❄️ The Icicle Streaming Query Language ❄️
Refutation of Facts#
This document describes how Icicle resovles fact conflicts, e.g. from duplicate facts.
Keys#
Each fact may be defined with a refutation expression, which acts as a nubBy key on the facts stream.
The key values are assumed to be monotonic.
Priorities and Keys#
Facts are nubbed as first-write-wins, since we assume:
- Facts with higher priorities will be ingested first.

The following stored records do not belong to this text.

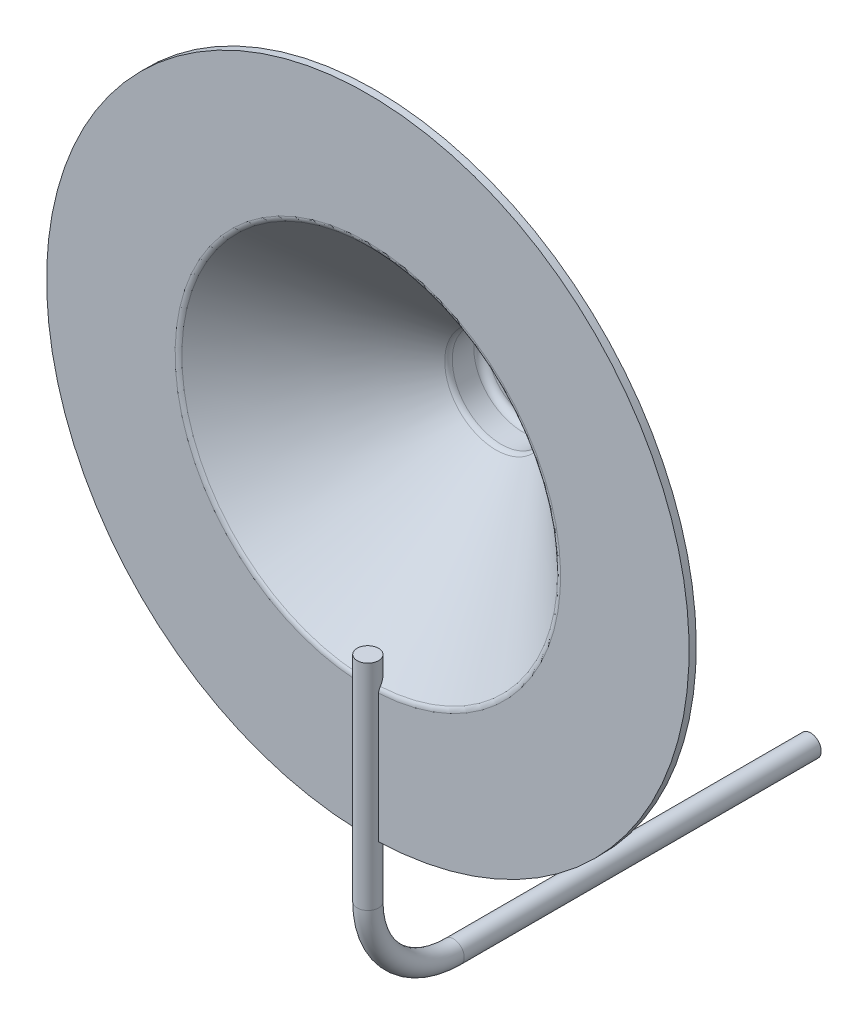
ISO-10303-21;
HEADER;
FILE_DESCRIPTION(('STEP AP214'),'2;1');
FILE_NAME('part.step','',(''),(''),'','','');
FILE_SCHEMA(('AUTOMOTIVE_DESIGN { 1 0 10303 214 1 1 1 1 }'));
ENDSEC;
DATA;
#1=APPLICATION_CONTEXT('core data for automotive mechanical design processes');
#2=APPLICATION_PROTOCOL_DEFINITION('international standard','automotive_design',2000,#1);
#3=PRODUCT_CONTEXT('',#1,'mechanical');
#4=PRODUCT('Part','Part','',(#3));
#5=PRODUCT_RELATED_PRODUCT_CATEGORY('part','',(#4));
#6=PRODUCT_DEFINITION_FORMATION('','',#4);
#7=PRODUCT_DEFINITION_CONTEXT('part definition',#1,'design');
#8=PRODUCT_DEFINITION('design','',#6,#7);
#9=PRODUCT_DEFINITION_SHAPE('','',#8);
#10=(LENGTH_UNIT() NAMED_UNIT(*) SI_UNIT(.MILLI.,.METRE.));
#11=(NAMED_UNIT(*) PLANE_ANGLE_UNIT() SI_UNIT($,.RADIAN.));
#12=(NAMED_UNIT(*) SI_UNIT($,.STERADIAN.) SOLID_ANGLE_UNIT());
#13=UNCERTAINTY_MEASURE_WITH_UNIT(LENGTH_MEASURE(1.E-05),#10,'distance_accuracy_value','');
#14=(GEOMETRIC_REPRESENTATION_CONTEXT(3) GLOBAL_UNCERTAINTY_ASSIGNED_CONTEXT((#13)) GLOBAL_UNIT_ASSIGNED_CONTEXT((#10,
#11,#12)) REPRESENTATION_CONTEXT('',''));
#15=CARTESIAN_POINT('',(0.,0.,0.));
#16=DIRECTION('',(0.,0.,1.));
#17=DIRECTION('',(1.,0.,0.));
#18=AXIS2_PLACEMENT_3D('',#15,#16,#17);
#19=CARTESIAN_POINT('',(0.,-5.3,6.19999999999999));
#20=DIRECTION('',(0.,1.,0.));
#21=DIRECTION('',(0.,0.,1.));
#22=AXIS2_PLACEMENT_3D('',#19,#20,#21);
#23=CYLINDRICAL_SURFACE('',#22,0.15);
#24=CARTESIAN_POINT('',(0.,-4.5,6.34999999999999));
#25=CARTESIAN_POINT('',(0.00842305578923469,-4.4999999663489,6.34999962724313));
#26=CARTESIAN_POINT('',(0.0168521595123221,-4.49997609706395,6.34928813968072));
#27=CARTESIAN_POINT('',(0.0334780529122563,-4.49988317240277,6.34645984425193));
#28=CARTESIAN_POINT('',(0.0416745534213969,-4.49981406314987,6.34434136073797));
#29=CARTESIAN_POINT('',(0.0575919781000059,-4.49963848440692,6.33875960317438));
#30=CARTESIAN_POINT('',(0.0653131340412636,-4.4995320332966,6.33529699061854));
#31=CARTESIAN_POINT('',(0.0800624366854199,-4.49929377585201,6.32712622374));
#32=CARTESIAN_POINT('',(0.0870907512542427,-4.49916197568241,6.32241837214475));
#33=CARTESIAN_POINT('',(0.100260735292938,-4.49888778082419,6.3118878815052));
#34=CARTESIAN_POINT('',(0.106402003146471,-4.49874538138061,6.30606474026404));
#35=CARTESIAN_POINT('',(0.117620176399931,-4.49846607902012,6.29346987595953));
#36=CARTESIAN_POINT('',(0.122697039268723,-4.49832917632302,6.28669811500959));
#37=CARTESIAN_POINT('',(0.131643038257708,-4.49807627946864,6.27239658938628));
#38=CARTESIAN_POINT('',(0.135511915044493,-4.49796028980329,6.26486666240621));
#39=CARTESIAN_POINT('',(0.14193043803754,-4.49776234602747,6.24926370478984));
#40=CARTESIAN_POINT('',(0.144480090156492,-4.49768039176448,6.24119067658788));
#41=CARTESIAN_POINT('',(0.14818687531237,-4.49755979665162,6.22473388130418));
#42=CARTESIAN_POINT('',(0.149344529609131,-4.49752113958868,6.21635023175352));
#43=CARTESIAN_POINT('',(0.150236063891772,-4.49749144895794,6.19950751076078));
#44=CARTESIAN_POINT('',(0.149969950293232,-4.49750041517554,6.19104843965873));
#45=CARTESIAN_POINT('',(0.148021941870991,-4.49756494491055,6.17429853427805));
#46=CARTESIAN_POINT('',(0.146340610333705,-4.4976204898886,6.16600763440809));
#47=CARTESIAN_POINT('',(0.141610764489337,-4.49777188653597,6.14982582985754));
#48=CARTESIAN_POINT('',(0.138562246806203,-4.49786773830482,6.14193492616472));
#49=CARTESIAN_POINT('',(0.131183918840239,-4.4980889649087,6.12677529463673));
#50=CARTESIAN_POINT('',(0.126853850547168,-4.49821434568766,6.11950669246771));
#51=CARTESIAN_POINT('',(0.117035527130669,-4.49848049027993,6.10579937101495));
#52=CARTESIAN_POINT('',(0.111547268631008,-4.49862125413808,6.09936065415049));
#53=CARTESIAN_POINT('',(0.0995651710942693,-4.49890237949121,6.0874925940333));
#54=CARTESIAN_POINT('',(0.0930708437376427,-4.49904274075692,6.08206374377458));
#55=CARTESIAN_POINT('',(0.0792626805756575,-4.4993071722234,6.07237331847266));
#56=CARTESIAN_POINT('',(0.0719488446300602,-4.4994312424214,6.06811174362922));
#57=CARTESIAN_POINT('',(0.0567090019492417,-4.49964910828733,6.06087689403778));
#58=CARTESIAN_POINT('',(0.0487829877417193,-4.49974290358567,6.057903635018));
#59=CARTESIAN_POINT('',(0.0325439037182619,-4.49988964095379,6.05333013301318));
#60=CARTESIAN_POINT('',(0.0242308351991917,-4.49994258316045,6.05172988542808));
#61=CARTESIAN_POINT('',(0.0074579041642934,-4.50000162910169,6.04994843615438));
#62=CARTESIAN_POINT('',(-0.00100188582888631,-4.50000775535074,6.04976655235354));
#63=CARTESIAN_POINT('',(-0.017831878784369,-4.49997253847829,6.05082521577816));
#64=CARTESIAN_POINT('',(-0.0262020818758181,-4.49993119542525,6.05206576095279));
#65=CARTESIAN_POINT('',(-0.0426133978818143,-4.49980571349223,6.05593350317637));
#66=CARTESIAN_POINT('',(-0.0506545839209891,-4.49972158417803,6.05856039028469));
#67=CARTESIAN_POINT('',(-0.0661818515011233,-4.49952000872159,6.06512593405327));
#68=CARTESIAN_POINT('',(-0.0736679316506717,-4.49940256249584,6.06906459400146));
#69=CARTESIAN_POINT('',(-0.087875623242016,-4.49914752515382,6.0781436342119));
#70=CARTESIAN_POINT('',(-0.0945969413405672,-4.49900992635351,6.08328447330488));
#71=CARTESIAN_POINT('',(-0.10708136842188,-4.49873011542475,6.0946212688419));
#72=CARTESIAN_POINT('',(-0.112844474470415,-4.49858790328218,6.10081722851679));
#73=CARTESIAN_POINT('',(-0.123251164011961,-4.49831483319105,6.11409130895656));
#74=CARTESIAN_POINT('',(-0.127894307221744,-4.49818397972076,6.1211697750017));
#75=CARTESIAN_POINT('',(-0.135926259433925,-4.49794845086808,6.13600617727003));
#76=CARTESIAN_POINT('',(-0.139315071611855,-4.49784377541943,6.14376411177297));
#77=CARTESIAN_POINT('',(-0.144741394651816,-4.4976724367805,6.15973757748002));
#78=CARTESIAN_POINT('',(-0.146779189838392,-4.49760576559255,6.16795301200747));
#79=CARTESIAN_POINT('',(-0.149446565063327,-4.49751793017976,6.18460963843641));
#80=CARTESIAN_POINT('',(-0.150076147229453,-4.49749676588617,6.19305082999678));
#81=CARTESIAN_POINT('',(-0.149909192637936,-4.49750233338375,6.20991495508831));
#82=CARTESIAN_POINT('',(-0.149113349841437,-4.4975290418683,6.21833789550626));
#83=CARTESIAN_POINT('',(-0.146119564957647,-4.49762729507843,6.23493053810348));
#84=CARTESIAN_POINT('',(-0.143921620102458,-4.49769883989251,6.2431002397828));
#85=CARTESIAN_POINT('',(-0.138186130366784,-4.49787869671532,6.25895473131229));
#86=CARTESIAN_POINT('',(-0.134648564184163,-4.49798700930871,6.26663951344918));
#87=CARTESIAN_POINT('',(-0.126334454498309,-4.49822818732174,6.28130596285721));
#88=CARTESIAN_POINT('',(-0.121557954901244,-4.49836105187125,6.28828765503276));
#89=CARTESIAN_POINT('',(-0.110899391645607,-4.49863642406369,6.30135301056789));
#90=CARTESIAN_POINT('',(-0.105016908489365,-4.49877893535246,6.30743633160847));
#91=CARTESIAN_POINT('',(-0.0923124370152846,-4.49905753400846,6.31853076644203));
#92=CARTESIAN_POINT('',(-0.0854902166260294,-4.49919361977771,6.32354161460101));
#93=CARTESIAN_POINT('',(-0.0710969086078195,-4.49944408112954,6.33234990985486));
#94=CARTESIAN_POINT('',(-0.0635253084790552,-4.49955844169603,6.33614651891896));
#95=CARTESIAN_POINT('',(-0.047857599747668,-4.4997523012651,6.34241020428075));
#96=CARTESIAN_POINT('',(-0.039762128777033,-4.49983184176597,6.34487886402614));
#97=CARTESIAN_POINT('',(-0.0263463576588846,-4.49992586926896,6.3477632370994));
#98=CARTESIAN_POINT('',(-0.0211131135613521,-4.49995354747019,6.34860096573659));
#99=CARTESIAN_POINT('',(-0.0105873762627153,-4.49999062340921,6.34971946424585));
#100=CARTESIAN_POINT('',(-0.0052948830832799,-4.50000002115368,6.35000023432161));
#101=CARTESIAN_POINT('',(0.,-4.5,6.34999999999999));
#102=B_SPLINE_CURVE_WITH_KNOTS('',3,(#24,#25,#26,#27,#28,#29,#30,#31,#32,#33,#34,#35,#36,#37,
#38,#39,#40,#41,#42,#43,#44,#45,#46,#47,#48,#49,#50,#51,#52,#53,#54,#55,#56,#57,#58,#59,#60,#61,
#62,#63,#64,#65,#66,#67,#68,#69,#70,#71,#72,#73,#74,#75,#76,#77,#78,#79,#80,#81,#82,#83,#84,#85,
#86,#87,#88,#89,#90,#91,#92,#93,#94,#95,#96,#97,#98,#99,#100,#101),.UNSPECIFIED.,.T.,.F.,(4,2,2,
2,2,2,2,2,2,2,2,2,2,2,2,2,2,2,2,2,2,2,2,2,2,2,2,2,2,2,2,2,2,2,2,2,2,2,4),(0.,0.0252498401882614,
0.050529805470018,0.075797345320868,0.10105874807005,0.126331552476644,0.151605366533064,
0.17688460270899,0.202163725583854,0.227433379263464,0.252702919076677,0.277962405836567,
0.303221954971138,0.328486592988428,0.353751304655501,0.37902831779896,0.404305335267964,
0.429582661319222,0.454859902682321,0.480124987094063,0.505390035079432,0.530649437018977,
0.555908902270803,0.581178023978172,0.606447223062961,0.631726339921331,0.657005392781315,
0.682279123917965,0.707552816866738,0.73281420878652,0.758075650575135,0.783337494078242,
0.808598442457161,0.833868991671109,0.859145792761928,0.884440001670267,0.909703982510625,
0.925576488155589,0.941448987995756),.UNSPECIFIED.);
#103=CARTESIAN_POINT('',(0.15,-4.49749930516948,6.19999999999999));
#104=VERTEX_POINT('',#103);
#105=CARTESIAN_POINT('',(0.11180339887499,-4.49861089671023,6.09999999999999));
#106=VERTEX_POINT('',#105);
#107=EDGE_CURVE('E11',#104,#106,#102,.T.);
#108=ORIENTED_EDGE('',*,*,#107,.F.);
#109=DIRECTION('',(0.,1.,0.));
#110=VECTOR('',#109,1.);
#111=CARTESIAN_POINT('',(0.15,-5.3,6.19999999999999));
#112=LINE('',#111,#110);
#113=CARTESIAN_POINT('',(0.15,-2.69583011334171,6.19999999999999));
#114=VERTEX_POINT('',#113);
#115=EDGE_CURVE('E169',#114,#104,#112,.F.);
#116=ORIENTED_EDGE('',*,*,#115,.F.);
#117=CARTESIAN_POINT('',(0.147592454675923,-2.62776349245829,6.17323309276857));
#118=CARTESIAN_POINT('',(0.148260648346117,-2.63170876049585,6.17693871212926));
#119=CARTESIAN_POINT('',(0.148732730797178,-2.63598076420099,6.18031677264153));
#120=CARTESIAN_POINT('',(0.149407771591125,-2.64503045876261,6.18633296389364));
#121=CARTESIAN_POINT('',(0.149611056526367,-2.64980752831836,6.18897198949));
#122=CARTESIAN_POINT('',(0.149872484898582,-2.65972453716036,6.19343231181264));
#123=CARTESIAN_POINT('',(0.14993078378246,-2.66486408173148,6.19525448261004));
#124=CARTESIAN_POINT('',(0.149994260827242,-2.67536514778347,6.19803975796262));
#125=CARTESIAN_POINT('',(0.149999498326573,-2.68072641457174,6.19900382103654));
#126=CARTESIAN_POINT('',(0.14999905964575,-2.69080390358621,6.19998491550968));
#127=CARTESIAN_POINT('',(0.149994759754331,-2.6955096331253,6.20011211012248));
#128=CARTESIAN_POINT('',(0.149999969770463,-2.70019999999998,6.19990476939652));
#129=B_SPLINE_CURVE_WITH_KNOTS('',3,(#117,#118,#119,#120,#121,#122,#123,#124,#125,#126,#127,
#128),.UNSPECIFIED.,.F.,.F.,(4,2,2,2,2,4),(0.,0.0163247398510532,0.0326296266565771,
0.0489170246143126,0.0651862063980188,0.0792617964111007),.UNSPECIFIED.);
#130=CARTESIAN_POINT('',(0.147628586120579,-2.62797752969163,6.17343309275925));
#131=VERTEX_POINT('',#130);
#132=EDGE_CURVE('E99',#131,#114,#129,.T.);
#133=ORIENTED_EDGE('',*,*,#132,.F.);
#134=CARTESIAN_POINT('',(-0.149343023608144,-2.64147205449942,6.18597640204592));
#135=CARTESIAN_POINT('',(-0.148257481932023,-2.6293126941027,6.17470378552663));
#136=CARTESIAN_POINT('',(-0.145924349391535,-2.61717578070323,6.16337591005817));
#137=CARTESIAN_POINT('',(-0.138413604644136,-2.59330106192299,6.14095791068932));
#138=CARTESIAN_POINT('',(-0.133201282196265,-2.58157002082887,6.12987243904061));
#139=CARTESIAN_POINT('',(-0.122214890865073,-2.56349726305133,6.11268879442249));
#140=CARTESIAN_POINT('',(-0.117430635767246,-2.55682024285901,6.10631438866371));
#141=CARTESIAN_POINT('',(-0.106559085727574,-2.54408705358876,6.09411455684));
#142=CARTESIAN_POINT('',(-0.100476784108048,-2.53802863332228,6.08828714690919));
#143=CARTESIAN_POINT('',(-0.0884561028701566,-2.52806386760671,6.07867158351688));
#144=CARTESIAN_POINT('',(-0.0827962257170654,-2.52398067630688,6.074720283253));
#145=CARTESIAN_POINT('',(-0.0706378081625269,-2.51652007570977,6.0674852296196));
#146=CARTESIAN_POINT('',(-0.0641401048358653,-2.51314197066332,6.06420081828029));
#147=CARTESIAN_POINT('',(-0.0517121985635129,-2.50787089745336,6.05906771247288));
#148=CARTESIAN_POINT('',(-0.045914753206457,-2.50581710542551,6.05706424392605));
#149=CARTESIAN_POINT('',(-0.0339226162333526,-2.50242685283714,6.05375416162696));
#150=CARTESIAN_POINT('',(-0.0277282054880401,-2.50108989122568,6.05244706113064));
#151=CARTESIAN_POINT('',(-0.0150685123783346,-2.49922299819053,6.05062122672329));
#152=CARTESIAN_POINT('',(-0.00860198324392683,-2.49869732229806,6.05010664995781));
#153=CARTESIAN_POINT('',(0.0043552042929747,-2.49851008555425,6.04992341008355));
#154=CARTESIAN_POINT('',(0.0108458577842335,-2.49884835751308,6.05025458330658));
#155=CARTESIAN_POINT('',(0.0230965213498389,-2.50029657615518,6.05167128236637));
#156=CARTESIAN_POINT('',(0.0288723596648218,-2.50133990354351,6.05269168090871));
#157=CARTESIAN_POINT('',(0.0401225562490682,-2.50406087653368,6.05534992888236));
#158=CARTESIAN_POINT('',(0.0455968040067812,-2.50573875290475,6.05698800294581));
#159=CARTESIAN_POINT('',(0.0577859507705718,-2.51024683640637,6.06138279622013));
#160=CARTESIAN_POINT('',(0.0643600443709466,-2.51327298721011,6.06432884436633));
#161=CARTESIAN_POINT('',(0.0767312206122429,-2.52005937010196,6.07091984656736));
#162=CARTESIAN_POINT('',(0.0825269686642201,-2.52382083655722,6.0745659756554));
#163=CARTESIAN_POINT('',(0.0953128577493477,-2.53338966874653,6.08381650566497));
#164=CARTESIAN_POINT('',(0.101956015546936,-2.53944014691157,6.0896473901399));
#165=CARTESIAN_POINT('',(0.113829633985528,-2.55224532787521,6.10193822839228));
#166=CARTESIAN_POINT('',(0.119057041563311,-2.55900150975549,6.10839950145204));
#167=CARTESIAN_POINT('',(0.130091438750021,-2.57586415646814,6.12445942409624));
#168=CARTESIAN_POINT('',(0.135251517330301,-2.58620508054889,6.13425486143364));
#169=CARTESIAN_POINT('',(0.143241265130115,-2.60738729889181,6.1542024557933));
#170=CARTESIAN_POINT('',(0.146072116816615,-2.61822833630815,6.1643544290819));
#171=CARTESIAN_POINT('',(0.148479886629033,-2.6332650908433,6.17835730655679));
#172=CARTESIAN_POINT('',(0.148984086060253,-2.63736443883716,6.18216696640583));
#173=CARTESIAN_POINT('',(0.149343023608145,-2.64147205449942,6.18597640204592));
#174=B_SPLINE_CURVE_WITH_KNOTS('',3,(#134,#135,#136,#137,#138,#139,#140,#141,#142,#143,#144,
#145,#146,#147,#148,#149,#150,#151,#152,#153,#154,#155,#156,#157,#158,#159,#160,#161,#162,#163,
#164,#165,#166,#167,#168,#169,#170,#171,#172,#173),.UNSPECIFIED.,.F.,.F.,(4,2,2,2,2,2,2,2,2,2,2,
2,2,2,2,2,2,2,2,4),(0.,0.0499716216561541,0.100559259111792,0.131660210852275,0.16264361324885,
0.186620377425872,0.210573369315285,0.229900322083233,0.249213748005489,0.268628140650761,
0.288038776538047,0.305832704342108,0.323633109574702,0.346946114899063,0.370298596911756,
0.402257222718973,0.434284228194368,0.479492414055909,0.524677635118706,0.541524840105466),.UNSPECIFIED.);
#175=CARTESIAN_POINT('',(-0.147628586121588,-2.62797752969785,6.17343309276838));
#176=VERTEX_POINT('',#175);
#177=EDGE_CURVE('E81',#176,#131,#174,.T.);
#178=ORIENTED_EDGE('',*,*,#177,.F.);
#179=CARTESIAN_POINT('',(-0.149999969770437,-2.7002,6.1999047693963));
#180=CARTESIAN_POINT('',(-0.149990932883973,-2.69459886091882,6.20015359116287));
#181=CARTESIAN_POINT('',(-0.149999141454605,-2.68897782076842,6.19992387525168));
#182=CARTESIAN_POINT('',(-0.149996889947737,-2.67783887890871,6.19853191549922));
#183=CARTESIAN_POINT('',(-0.149986386181456,-2.67232124903959,6.19736749283208));
#184=CARTESIAN_POINT('',(-0.149893045233185,-2.66155402033728,6.19412802925226));
#185=CARTESIAN_POINT('',(-0.149810131460046,-2.65630471154398,6.1920520252776));
#186=CARTESIAN_POINT('',(-0.149461146474099,-2.64624959978622,6.18705056052545));
#187=CARTESIAN_POINT('',(-0.149195620633867,-2.64144252442324,6.18412764406092));
#188=CARTESIAN_POINT('',(-0.148466854008081,-2.63371541053077,6.17848134865159));
#189=CARTESIAN_POINT('',(-0.14808266301025,-2.63065083520647,6.17594329735243));
#190=CARTESIAN_POINT('',(-0.147592454676046,-2.6277634924584,6.17323309276841));
#191=B_SPLINE_CURVE_WITH_KNOTS('',3,(#179,#180,#181,#182,#183,#184,#185,#186,#187,#188,#189,
#190),.UNSPECIFIED.,.F.,.F.,(4,2,2,2,2,4),(0.,0.0167987571364454,0.0336367867239368,
0.0504926482137955,0.0672983868876986,0.079260042560122),.UNSPECIFIED.);
#192=CARTESIAN_POINT('',(-0.15,-2.69583011334171,6.19999999999999));
#193=VERTEX_POINT('',#192);
#194=EDGE_CURVE('E75',#193,#176,#191,.T.);
#195=ORIENTED_EDGE('',*,*,#194,.F.);
#196=DIRECTION('',(0.,1.,0.));
#197=VECTOR('',#196,1.);
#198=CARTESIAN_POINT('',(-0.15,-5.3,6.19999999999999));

- No fact can have the same priority, key, and value(s).
Examples#
No refutation#
This is the default. Facts are consumed as-is. Duplicate ingestion will result in duplicate facts.
Time#
[fact.keyed_by_time]
key = "time"
encoding="int"
bulbasaur|keyed_by_time|1|2014-01-01
bulbasaur|keyed_by_time|3|2014-01-01
bulbasaur|keyed_by_time|5|2016-01-01
charmander|keyed_by_time|0|2014-01-01
charmander|keyed_by_time|2|2014-01-01
> feature keyed_by_time ~> count value
[bulbasaur, 2,charmander, 1]
> feature keyed_by_time ~> newest value
[bulbasaur, 5,charmander, 0]
> feature keyed_by_time ~> group (year_of time) ~> newest value
[bulbasaur, [(2014,1),(2016,5)],charmander, [(2014,0)]]
Expression: year_of time#
[fact.keyed_by_year_of_time]
key = "year_of time"
encoding="string"
blatoise|keyed_by_year_of_time|foo14|2014-01-01
blatoise|keyed_by_year_of_time|foo15|2015-01-01
blatoise|keyed_by_year_of_time|foo16|2016-01-01
blatoise|keyed_by_year_of_time|foo160302|2016-03-02
blatoise|keyed_by_year_of_time|foo160307|2016-03-07
> feature keyed_by_year_of_time ~> count value
[blatoise, 3]
> feature keyed_by_year_of_time ~> newest value
[blatoise, "foo16"]
> feature keyed_by_year_of_time ~> group (year_of time) ~> newest value
[blatoise, [(2014,"foo14"),(2015,"foo15"),(2016,"foo16")]]
Struct Field#
[fact.keyed_by_field]
key = "transaction_id"
encoding="(transaction_id:int,dollarydoos:int)"
zubat|keyed_by_field|{"transaction_id":0,"dollarydoos":2}|2015-01-01
zubat|keyed_by_field|{"transaction_id":3,"dollarydoos":1}|2016-01-01
zubat|keyed_by_field|{"transaction_id":3,"dollarydoos":9}|2016-01-05
> feature keyed_by_field ~> count dollarydoos
[zubat, 2]
> feature keyed_by_field ~> newest dollarydoos
[zubat, 1]
> feature keyed_by_field ~> group (year_of time) ~> count dollarydoos
[zubat, [(2015,1),(2016,1)]]
> feature keyed_by_field ~> group (year_of time) ~> newest dollarydoos
[zubat, [(2015,2),(2016,1)]]
Struct Field + Time#
[fact.keyed_by_field_time]
key = "(transaction_id, time)"
encoding="(transaction_id:int,dollarydoos:int)"
zubat|keyed_by_field_time|{"transaction_id":5,"dollarydoos":2}|2015-01-01
zubat|keyed_by_field_time|{"transaction_id":5,"dollarydoos":5}|2015-01-01
zubat|keyed_by_field_time|{"transaction_id":5,"dollarydoos":7}|2015-01-03
> feature keyed_by_field_time ~> count dollarydoos
[zubat, 2]
> feature keyed_by_field_time ~> newest dollarydoos
[zubat, 7]
> feature keyed_by_field_time ~> group (year_of time) ~> newest dollarydoos
[zubat, [(2015,7)]]
> feature keyed_by_field_time ~> group (day_of time) ~> newest dollarydoos
[zubat, [(1,2),(3,7)]]